Your goal: Read through the data and report every line in which the word "ezdxf" occurs.

[Items from a data source]
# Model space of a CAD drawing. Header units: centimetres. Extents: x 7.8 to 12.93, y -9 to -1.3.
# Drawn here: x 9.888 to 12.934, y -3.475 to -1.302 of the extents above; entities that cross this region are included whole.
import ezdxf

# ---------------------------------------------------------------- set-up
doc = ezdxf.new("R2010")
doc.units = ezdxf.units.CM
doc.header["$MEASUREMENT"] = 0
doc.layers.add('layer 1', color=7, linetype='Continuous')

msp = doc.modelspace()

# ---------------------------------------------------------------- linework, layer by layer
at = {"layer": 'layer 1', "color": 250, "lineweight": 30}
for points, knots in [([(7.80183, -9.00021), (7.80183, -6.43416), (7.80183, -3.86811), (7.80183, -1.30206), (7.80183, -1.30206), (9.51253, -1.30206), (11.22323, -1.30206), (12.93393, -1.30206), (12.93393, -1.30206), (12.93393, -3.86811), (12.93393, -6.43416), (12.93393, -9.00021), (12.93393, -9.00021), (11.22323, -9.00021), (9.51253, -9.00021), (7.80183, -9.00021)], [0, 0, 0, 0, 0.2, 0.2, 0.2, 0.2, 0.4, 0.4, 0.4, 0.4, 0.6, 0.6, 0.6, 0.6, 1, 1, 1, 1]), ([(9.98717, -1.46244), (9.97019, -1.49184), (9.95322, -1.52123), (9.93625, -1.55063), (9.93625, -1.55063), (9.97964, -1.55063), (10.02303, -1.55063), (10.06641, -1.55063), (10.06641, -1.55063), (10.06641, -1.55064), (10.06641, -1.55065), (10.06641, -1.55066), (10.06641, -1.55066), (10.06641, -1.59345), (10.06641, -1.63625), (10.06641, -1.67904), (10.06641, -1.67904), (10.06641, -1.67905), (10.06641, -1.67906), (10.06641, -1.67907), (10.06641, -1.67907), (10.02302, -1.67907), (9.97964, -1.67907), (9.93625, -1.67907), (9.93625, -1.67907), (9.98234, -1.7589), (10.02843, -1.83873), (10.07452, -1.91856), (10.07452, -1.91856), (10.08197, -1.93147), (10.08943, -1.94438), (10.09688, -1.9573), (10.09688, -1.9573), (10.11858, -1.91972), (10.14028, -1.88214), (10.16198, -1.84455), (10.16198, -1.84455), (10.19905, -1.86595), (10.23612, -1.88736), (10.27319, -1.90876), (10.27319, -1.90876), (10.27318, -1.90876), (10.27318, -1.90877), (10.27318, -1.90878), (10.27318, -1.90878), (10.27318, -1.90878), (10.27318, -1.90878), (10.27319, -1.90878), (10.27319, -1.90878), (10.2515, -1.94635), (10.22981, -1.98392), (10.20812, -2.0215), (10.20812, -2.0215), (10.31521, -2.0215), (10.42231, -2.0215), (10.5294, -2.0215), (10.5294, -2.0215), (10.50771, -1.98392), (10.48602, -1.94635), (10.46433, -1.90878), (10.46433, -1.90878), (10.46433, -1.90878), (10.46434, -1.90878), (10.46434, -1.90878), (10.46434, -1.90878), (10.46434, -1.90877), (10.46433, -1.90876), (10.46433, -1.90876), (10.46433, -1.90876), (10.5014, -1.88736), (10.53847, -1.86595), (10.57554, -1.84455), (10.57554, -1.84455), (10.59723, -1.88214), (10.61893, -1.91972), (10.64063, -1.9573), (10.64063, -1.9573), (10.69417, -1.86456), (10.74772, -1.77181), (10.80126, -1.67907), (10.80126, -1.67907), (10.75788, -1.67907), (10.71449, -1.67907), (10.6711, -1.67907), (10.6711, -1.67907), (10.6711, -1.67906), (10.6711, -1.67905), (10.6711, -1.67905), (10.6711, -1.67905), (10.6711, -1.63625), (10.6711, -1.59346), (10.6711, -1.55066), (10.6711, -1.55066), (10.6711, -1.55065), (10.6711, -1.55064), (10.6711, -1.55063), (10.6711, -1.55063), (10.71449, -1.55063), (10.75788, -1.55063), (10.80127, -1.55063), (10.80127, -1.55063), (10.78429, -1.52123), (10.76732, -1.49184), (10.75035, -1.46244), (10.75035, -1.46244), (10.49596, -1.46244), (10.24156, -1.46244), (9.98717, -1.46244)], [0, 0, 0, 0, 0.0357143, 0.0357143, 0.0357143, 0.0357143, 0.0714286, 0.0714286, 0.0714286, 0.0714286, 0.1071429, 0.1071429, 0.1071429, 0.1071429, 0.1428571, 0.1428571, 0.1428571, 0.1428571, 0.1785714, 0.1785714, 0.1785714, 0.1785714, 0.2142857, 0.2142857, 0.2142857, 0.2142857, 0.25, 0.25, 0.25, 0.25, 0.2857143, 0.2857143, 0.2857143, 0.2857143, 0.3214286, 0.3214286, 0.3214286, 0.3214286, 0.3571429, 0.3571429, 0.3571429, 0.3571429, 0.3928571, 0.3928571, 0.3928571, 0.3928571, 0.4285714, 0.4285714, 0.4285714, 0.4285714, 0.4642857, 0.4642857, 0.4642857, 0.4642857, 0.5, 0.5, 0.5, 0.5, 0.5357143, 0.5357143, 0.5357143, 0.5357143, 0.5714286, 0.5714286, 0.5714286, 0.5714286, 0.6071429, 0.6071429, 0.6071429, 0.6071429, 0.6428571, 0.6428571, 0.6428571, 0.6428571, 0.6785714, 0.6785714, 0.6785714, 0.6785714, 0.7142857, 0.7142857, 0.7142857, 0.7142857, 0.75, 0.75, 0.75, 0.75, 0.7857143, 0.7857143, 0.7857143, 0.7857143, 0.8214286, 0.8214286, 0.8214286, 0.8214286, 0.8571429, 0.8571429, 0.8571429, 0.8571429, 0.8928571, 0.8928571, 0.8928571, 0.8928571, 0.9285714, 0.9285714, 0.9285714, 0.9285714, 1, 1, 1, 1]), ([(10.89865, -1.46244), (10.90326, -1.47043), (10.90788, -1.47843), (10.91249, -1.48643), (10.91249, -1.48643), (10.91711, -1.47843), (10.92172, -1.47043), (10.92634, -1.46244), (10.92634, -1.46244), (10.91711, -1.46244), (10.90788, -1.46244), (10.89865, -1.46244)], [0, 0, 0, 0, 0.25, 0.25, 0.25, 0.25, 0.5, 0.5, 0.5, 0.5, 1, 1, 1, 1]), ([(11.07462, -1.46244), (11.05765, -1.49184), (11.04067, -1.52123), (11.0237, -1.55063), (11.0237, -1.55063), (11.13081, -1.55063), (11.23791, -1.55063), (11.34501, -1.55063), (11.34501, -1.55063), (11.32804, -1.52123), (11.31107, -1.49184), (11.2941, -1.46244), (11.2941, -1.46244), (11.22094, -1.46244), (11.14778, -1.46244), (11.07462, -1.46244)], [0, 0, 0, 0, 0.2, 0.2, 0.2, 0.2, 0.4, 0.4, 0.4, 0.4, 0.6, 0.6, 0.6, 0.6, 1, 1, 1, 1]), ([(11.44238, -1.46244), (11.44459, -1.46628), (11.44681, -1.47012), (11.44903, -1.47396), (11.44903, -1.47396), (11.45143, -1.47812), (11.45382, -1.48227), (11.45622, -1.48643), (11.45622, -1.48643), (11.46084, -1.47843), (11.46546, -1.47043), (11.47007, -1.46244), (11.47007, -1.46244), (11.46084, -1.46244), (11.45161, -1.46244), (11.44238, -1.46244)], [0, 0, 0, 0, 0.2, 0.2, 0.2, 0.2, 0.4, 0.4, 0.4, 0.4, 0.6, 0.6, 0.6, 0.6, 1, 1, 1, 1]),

The answer:
import ezdxf
doc = ezdxf.new("R2010")
doc.units = ezdxf.units.CM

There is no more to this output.